DIRECTIONS FOR THIS TASK
Word for word, write the lines below out again, with no pictures.

(Records from a data collection)
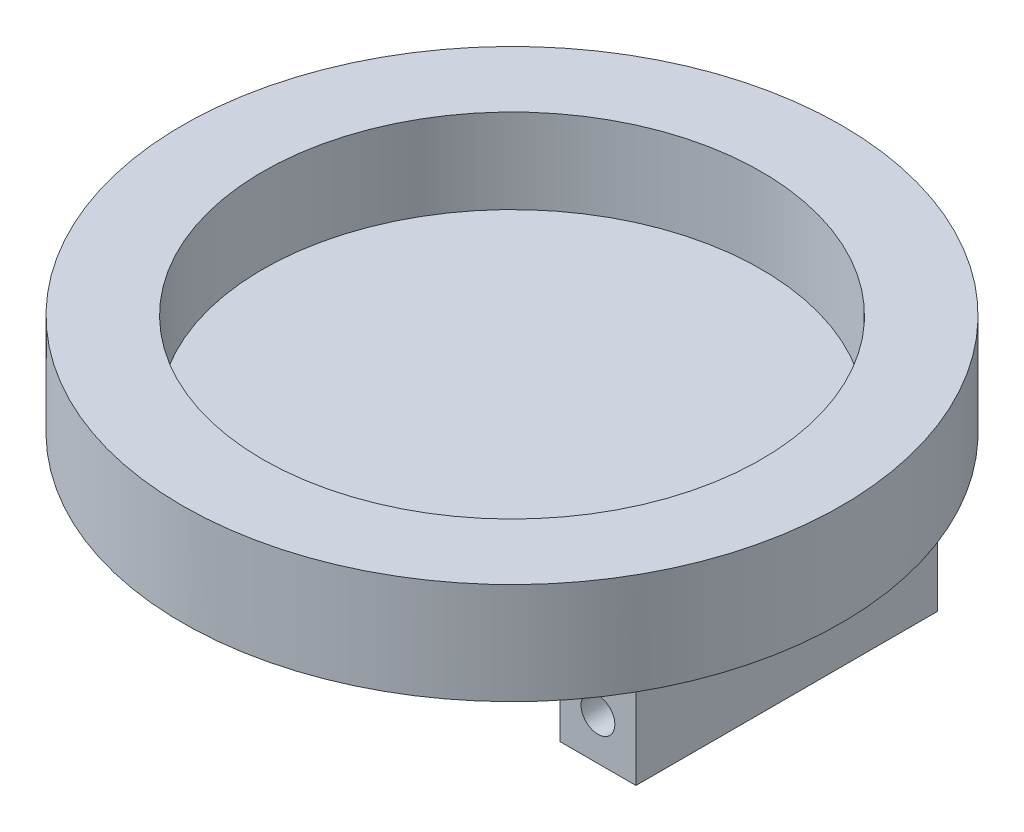
ISO-10303-21;
HEADER;
FILE_DESCRIPTION(('STEP AP214'),'2;1');
FILE_NAME('part.step','',(''),(''),'','','');
FILE_SCHEMA(('AUTOMOTIVE_DESIGN { 1 0 10303 214 1 1 1 1 }'));
ENDSEC;
DATA;
#1=APPLICATION_CONTEXT('core data for automotive mechanical design processes');
#2=APPLICATION_PROTOCOL_DEFINITION('international standard','automotive_design',2000,#1);
#3=PRODUCT_CONTEXT('',#1,'mechanical');
#4=PRODUCT('Part','Part','',(#3));
#5=PRODUCT_RELATED_PRODUCT_CATEGORY('part','',(#4));
#6=PRODUCT_DEFINITION_FORMATION('','',#4);
#7=PRODUCT_DEFINITION_CONTEXT('part definition',#1,'design');
#8=PRODUCT_DEFINITION('design','',#6,#7);
#9=PRODUCT_DEFINITION_SHAPE('','',#8);
#10=(LENGTH_UNIT() NAMED_UNIT(*) SI_UNIT(.MILLI.,.METRE.));
#11=(NAMED_UNIT(*) PLANE_ANGLE_UNIT() SI_UNIT($,.RADIAN.));
#12=(NAMED_UNIT(*) SI_UNIT($,.STERADIAN.) SOLID_ANGLE_UNIT());
#13=UNCERTAINTY_MEASURE_WITH_UNIT(LENGTH_MEASURE(1.E-05),#10,'distance_accuracy_value','');
#14=(GEOMETRIC_REPRESENTATION_CONTEXT(3) GLOBAL_UNCERTAINTY_ASSIGNED_CONTEXT((#13)) GLOBAL_UNIT_ASSIGNED_CONTEXT((#10,
#11,#12)) REPRESENTATION_CONTEXT('',''));
#15=CARTESIAN_POINT('',(0.,0.,0.));
#16=DIRECTION('',(0.,0.,1.));
#17=DIRECTION('',(1.,0.,0.));
#18=AXIS2_PLACEMENT_3D('',#15,#16,#17);
#19=CARTESIAN_POINT('',(0.,63.5,0.));
#20=DIRECTION('',(0.,1.,0.));
#21=DIRECTION('',(0.,0.,1.));
#22=AXIS2_PLACEMENT_3D('',#19,#20,#21);
#23=PLANE('',#22);
#24=CARTESIAN_POINT('',(0.,63.5,0.));
#25=DIRECTION('',(0.,1.,0.));
#26=DIRECTION('',(0.,0.,1.));
#27=AXIS2_PLACEMENT_3D('',#24,#25,#26);
#28=CIRCLE('',#27,247.65);
#29=CARTESIAN_POINT('',(0.,63.5,247.65));
#30=VERTEX_POINT('',#29);
#31=EDGE_CURVE('E11',#30,#30,#28,.T.);
#32=ORIENTED_EDGE('',*,*,#31,.T.);
#33=EDGE_LOOP('',(#32));
#34=FACE_BOUND('',#33,.T.);
#35=CARTESIAN_POINT('',(0.,63.5,0.));
#36=DIRECTION('',(0.,1.,0.));
#37=DIRECTION('',(0.,0.,1.));
#38=AXIS2_PLACEMENT_3D('',#35,#36,#37);
#39=CIRCLE('',#38,187.325);
#40=CARTESIAN_POINT('',(0.,63.5,187.325));
#41=VERTEX_POINT('',#40);
#42=EDGE_CURVE('E52',#41,#41,#39,.T.);
#43=ORIENTED_EDGE('',*,*,#42,.F.);
#44=EDGE_LOOP('',(#43));
#45=FACE_BOUND('',#44,.T.);
#46=ADVANCED_FACE('F43',(#34,#45),#23,.T.);
#47=CARTESIAN_POINT('',(0.,63.5,0.));
#48=DIRECTION('',(0.,-1.,0.));
#49=DIRECTION('',(0.,0.,-1.));
#50=AXIS2_PLACEMENT_3D('',#47,#48,#49);
#51=CYLINDRICAL_SURFACE('',#50,247.65);
#52=ORIENTED_EDGE('',*,*,#31,.F.);
#53=EDGE_LOOP('',(#52));
#54=FACE_BOUND('',#53,.T.);
#55=CARTESIAN_POINT('',(0.,-12.7,0.));
#56=DIRECTION('',(0.,-1.,0.));
#57=DIRECTION('',(0.,0.,-1.));
#58=AXIS2_PLACEMENT_3D('',#55,#56,#57);
#59=CIRCLE('',#58,247.65);
#60=CARTESIAN_POINT('',(0.,-12.7,-247.65));
#61=VERTEX_POINT('',#60);
#62=EDGE_CURVE('E194',#61,#61,#59,.T.);
#63=ORIENTED_EDGE('',*,*,#62,.F.);
#64=EDGE_LOOP('',(#63));
#65=FACE_BOUND('',#64,.T.);
#66=ADVANCED_FACE('F45',(#54,#65),#51,.T.);
#67=CARTESIAN_POINT('',(0.,63.5,0.));
#68=DIRECTION('',(0.,-1.,0.));
#69=DIRECTION('',(0.,0.,-1.));
#70=AXIS2_PLACEMENT_3D('',#67,#68,#69);
#71=CYLINDRICAL_SURFACE('',#70,187.325);
#72=ORIENTED_EDGE('',*,*,#42,.T.);
#73=EDGE_LOOP('',(#72));
#74=FACE_BOUND('',#73,.T.);
#75=CARTESIAN_POINT('',(0.,0.,0.));
#76=DIRECTION('',(0.,1.,0.));
#77=DIRECTION('',(0.,0.,1.));
#78=AXIS2_PLACEMENT_3D('',#75,#76,#77);
#79=CIRCLE('',#78,187.325);
#80=CARTESIAN_POINT('',(0.,0.,187.325));
#81=VERTEX_POINT('',#80);
#82=EDGE_CURVE('E209',#81,#81,#79,.T.);
#83=ORIENTED_EDGE('',*,*,#82,.F.);
#84=EDGE_LOOP('',(#83));
#85=FACE_BOUND('',#84,.T.);
#86=ADVANCED_FACE('F218',(#74,#85),#71,.F.);
#87=CARTESIAN_POINT('',(0.,0.,0.));
#88=DIRECTION('',(0.,-1.,0.));
#89=DIRECTION('',(0.,0.,-1.));
#90=AXIS2_PLACEMENT_3D('',#87,#88,#89);
#91=PLANE('',#90);
#92=ORIENTED_EDGE('',*,*,#82,.T.);
#93=EDGE_LOOP('',(#92));
#94=FACE_BOUND('',#93,.T.);
#95=ADVANCED_FACE('F216',(#94),#91,.F.);
#96=CARTESIAN_POINT('',(0.,-12.7,0.));
#97=DIRECTION('',(0.,-1.,0.));
#98=DIRECTION('',(0.,0.,-1.));
#99=AXIS2_PLACEMENT_3D('',#96,#97,#98);
#100=PLANE('',#99);
#101=DIRECTION('',(-1.,0.,0.));
#102=VECTOR('',#101,1.);
#103=CARTESIAN_POINT('',(0.,-12.7,-113.236721075806));
#104=LINE('',#103,#102);
#105=CARTESIAN_POINT('',(206.375,-12.7,-113.236721075806));
#106=VERTEX_POINT('',#105);
#107=CARTESIAN_POINT('',(149.225,-12.7,-113.236721075806));
#108=VERTEX_POINT('',#107);
#109=EDGE_CURVE('E145',#106,#108,#104,.T.);
#110=ORIENTED_EDGE('',*,*,#109,.T.);
#111=DIRECTION('',(0.,0.,1.));
#112=VECTOR('',#111,1.);
#113=CARTESIAN_POINT('',(149.225,-12.7,0.));
#114=LINE('',#113,#112);
#115=CARTESIAN_POINT('',(149.225,-12.7,113.236721075806));
#116=VERTEX_POINT('',#115);
#117=EDGE_CURVE('E113',#108,#116,#114,.T.);
#118=ORIENTED_EDGE('',*,*,#117,.T.);
#119=DIRECTION('',(-1.,0.,0.));
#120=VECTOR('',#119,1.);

COMPLETED TASK
ISO-10303-21;
HEADER;
FILE_DESCRIPTION(('STEP AP214'),'2;1');
FILE_NAME('part.step','',(''),(''),'','','');
FILE_SCHEMA(('AUTOMOTIVE_DESIGN { 1 0 10303 214 1 1 1 1 }'));
ENDSEC;
DATA;
#1=APPLICATION_CONTEXT('core data for automotive mechanical design processes');
#2=APPLICATION_PROTOCOL_DEFINITION('international standard','automotive_design',2000,#1);
#3=PRODUCT_CONTEXT('',#1,'mechanical');
#4=PRODUCT('Part','Part','',(#3));
#5=PRODUCT_RELATED_PRODUCT_CATEGORY('part','',(#4));
#6=PRODUCT_DEFINITION_FORMATION('','',#4);
#7=PRODUCT_DEFINITION_CONTEXT('part definition',#1,'design');
#8=PRODUCT_DEFINITION('design','',#6,#7);
#9=PRODUCT_DEFINITION_SHAPE('','',#8);
#10=(LENGTH_UNIT() NAMED_UNIT(*) SI_UNIT(.MILLI.,.METRE.));
#11=(NAMED_UNIT(*) PLANE_ANGLE_UNIT() SI_UNIT($,.RADIAN.));
#12=(NAMED_UNIT(*) SI_UNIT($,.STERADIAN.) SOLID_ANGLE_UNIT());
#13=UNCERTAINTY_MEASURE_WITH_UNIT(LENGTH_MEASURE(1.E-05),#10,'distance_accuracy_value','');
#14=(GEOMETRIC_REPRESENTATION_CONTEXT(3) GLOBAL_UNCERTAINTY_ASSIGNED_CONTEXT((#13)) GLOBAL_UNIT_ASSIGNED_CONTEXT((#10,
#11,#12)) REPRESENTATION_CONTEXT('',''));
#15=CARTESIAN_POINT('',(0.,0.,0.));
#16=DIRECTION('',(0.,0.,1.));
#17=DIRECTION('',(1.,0.,0.));
#18=AXIS2_PLACEMENT_3D('',#15,#16,#17);
#19=CARTESIAN_POINT('',(0.,63.5,0.));
#20=DIRECTION('',(0.,1.,0.));
#21=DIRECTION('',(0.,0.,1.));
#22=AXIS2_PLACEMENT_3D('',#19,#20,#21);
#23=PLANE('',#22);
#24=CARTESIAN_POINT('',(0.,63.5,0.));
#25=DIRECTION('',(0.,1.,0.));
#26=DIRECTION('',(0.,0.,1.));
#27=AXIS2_PLACEMENT_3D('',#24,#25,#26);
#28=CIRCLE('',#27,247.65);
#29=CARTESIAN_POINT('',(0.,63.5,247.65));
#30=VERTEX_POINT('',#29);
#31=EDGE_CURVE('E11',#30,#30,#28,.T.);
#32=ORIENTED_EDGE('',*,*,#31,.T.);
#33=EDGE_LOOP('',(#32));
#34=FACE_BOUND('',#33,.T.);
#35=CARTESIAN_POINT('',(0.,63.5,0.));
#36=DIRECTION('',(0.,1.,0.));
#37=DIRECTION('',(0.,0.,1.));
#38=AXIS2_PLACEMENT_3D('',#35,#36,#37);
#39=CIRCLE('',#38,187.325);
#40=CARTESIAN_POINT('',(0.,63.5,187.325));
#41=VERTEX_POINT('',#40);
#42=EDGE_CURVE('E52',#41,#41,#39,.T.);
#43=ORIENTED_EDGE('',*,*,#42,.F.);
#44=EDGE_LOOP('',(#43));
#45=FACE_BOUND('',#44,.T.);
#46=ADVANCED_FACE('F43',(#34,#45),#23,.T.);
#47=CARTESIAN_POINT('',(0.,63.5,0.));
#48=DIRECTION('',(0.,-1.,0.));
#49=DIRECTION('',(0.,0.,-1.));
#50=AXIS2_PLACEMENT_3D('',#47,#48,#49);
#51=CYLINDRICAL_SURFACE('',#50,247.65);
#52=ORIENTED_EDGE('',*,*,#31,.F.);
#53=EDGE_LOOP('',(#52));
#54=FACE_BOUND('',#53,.T.);
#55=CARTESIAN_POINT('',(0.,-12.7,0.));
#56=DIRECTION('',(0.,-1.,0.));
#57=DIRECTION('',(0.,0.,-1.));
#58=AXIS2_PLACEMENT_3D('',#55,#56,#57);
#59=CIRCLE('',#58,247.65);
#60=CARTESIAN_POINT('',(0.,-12.7,-247.65));
#61=VERTEX_POINT('',#60);
#62=EDGE_CURVE('E194',#61,#61,#59,.T.);
#63=ORIENTED_EDGE('',*,*,#62,.F.);
#64=EDGE_LOOP('',(#63));
#65=FACE_BOUND('',#64,.T.);
#66=ADVANCED_FACE('F45',(#54,#65),#51,.T.);
#67=CARTESIAN_POINT('',(0.,63.5,0.));
#68=DIRECTION('',(0.,-1.,0.));
#69=DIRECTION('',(0.,0.,-1.));
#70=AXIS2_PLACEMENT_3D('',#67,#68,#69);
#71=CYLINDRICAL_SURFACE('',#70,187.325);
#72=ORIENTED_EDGE('',*,*,#42,.T.);
#73=EDGE_LOOP('',(#72));
#74=FACE_BOUND('',#73,.T.);
#75=CARTESIAN_POINT('',(0.,0.,0.));
#76=DIRECTION('',(0.,1.,0.));
#77=DIRECTION('',(0.,0.,1.));
#78=AXIS2_PLACEMENT_3D('',#75,#76,#77);
#79=CIRCLE('',#78,187.325);
#80=CARTESIAN_POINT('',(0.,0.,187.325));
#81=VERTEX_POINT('',#80);
#82=EDGE_CURVE('E209',#81,#81,#79,.T.);
#83=ORIENTED_EDGE('',*,*,#82,.F.);
#84=EDGE_LOOP('',(#83));
#85=FACE_BOUND('',#84,.T.);
#86=ADVANCED_FACE('F218',(#74,#85),#71,.F.);
#87=CARTESIAN_POINT('',(0.,0.,0.));
#88=DIRECTION('',(0.,-1.,0.));
#89=DIRECTION('',(0.,0.,-1.));
#90=AXIS2_PLACEMENT_3D('',#87,#88,#89);
#91=PLANE('',#90);
#92=ORIENTED_EDGE('',*,*,#82,.T.);
#93=EDGE_LOOP('',(#92));
#94=FACE_BOUND('',#93,.T.);
#95=ADVANCED_FACE('F216',(#94),#91,.F.);
#96=CARTESIAN_POINT('',(0.,-12.7,0.));
#97=DIRECTION('',(0.,-1.,0.));
#98=DIRECTION('',(0.,0.,-1.));
#99=AXIS2_PLACEMENT_3D('',#96,#97,#98);
#100=PLANE('',#99);
#101=DIRECTION('',(-1.,0.,0.));
#102=VECTOR('',#101,1.);
#103=CARTESIAN_POINT('',(0.,-12.7,-113.236721075806));
#104=LINE('',#103,#102);
#105=CARTESIAN_POINT('',(206.375,-12.7,-113.236721075806));
#106=VERTEX_POINT('',#105);
#107=CARTESIAN_POINT('',(149.225,-12.7,-113.236721075806));
#108=VERTEX_POINT('',#107);
#109=EDGE_CURVE('E145',#106,#108,#104,.T.);
#110=ORIENTED_EDGE('',*,*,#109,.T.);
#111=DIRECTION('',(0.,0.,1.));
#112=VECTOR('',#111,1.);
#113=CARTESIAN_POINT('',(149.225,-12.7,0.));
#114=LINE('',#113,#112);
#115=CARTESIAN_POINT('',(149.225,-12.7,113.236721075806));
#116=VERTEX_POINT('',#115);
#117=EDGE_CURVE('E113',#108,#116,#114,.T.);
#118=ORIENTED_EDGE('',*,*,#117,.T.);
#119=DIRECTION('',(-1.,0.,0.));
#120=VECTOR('',#119,1.);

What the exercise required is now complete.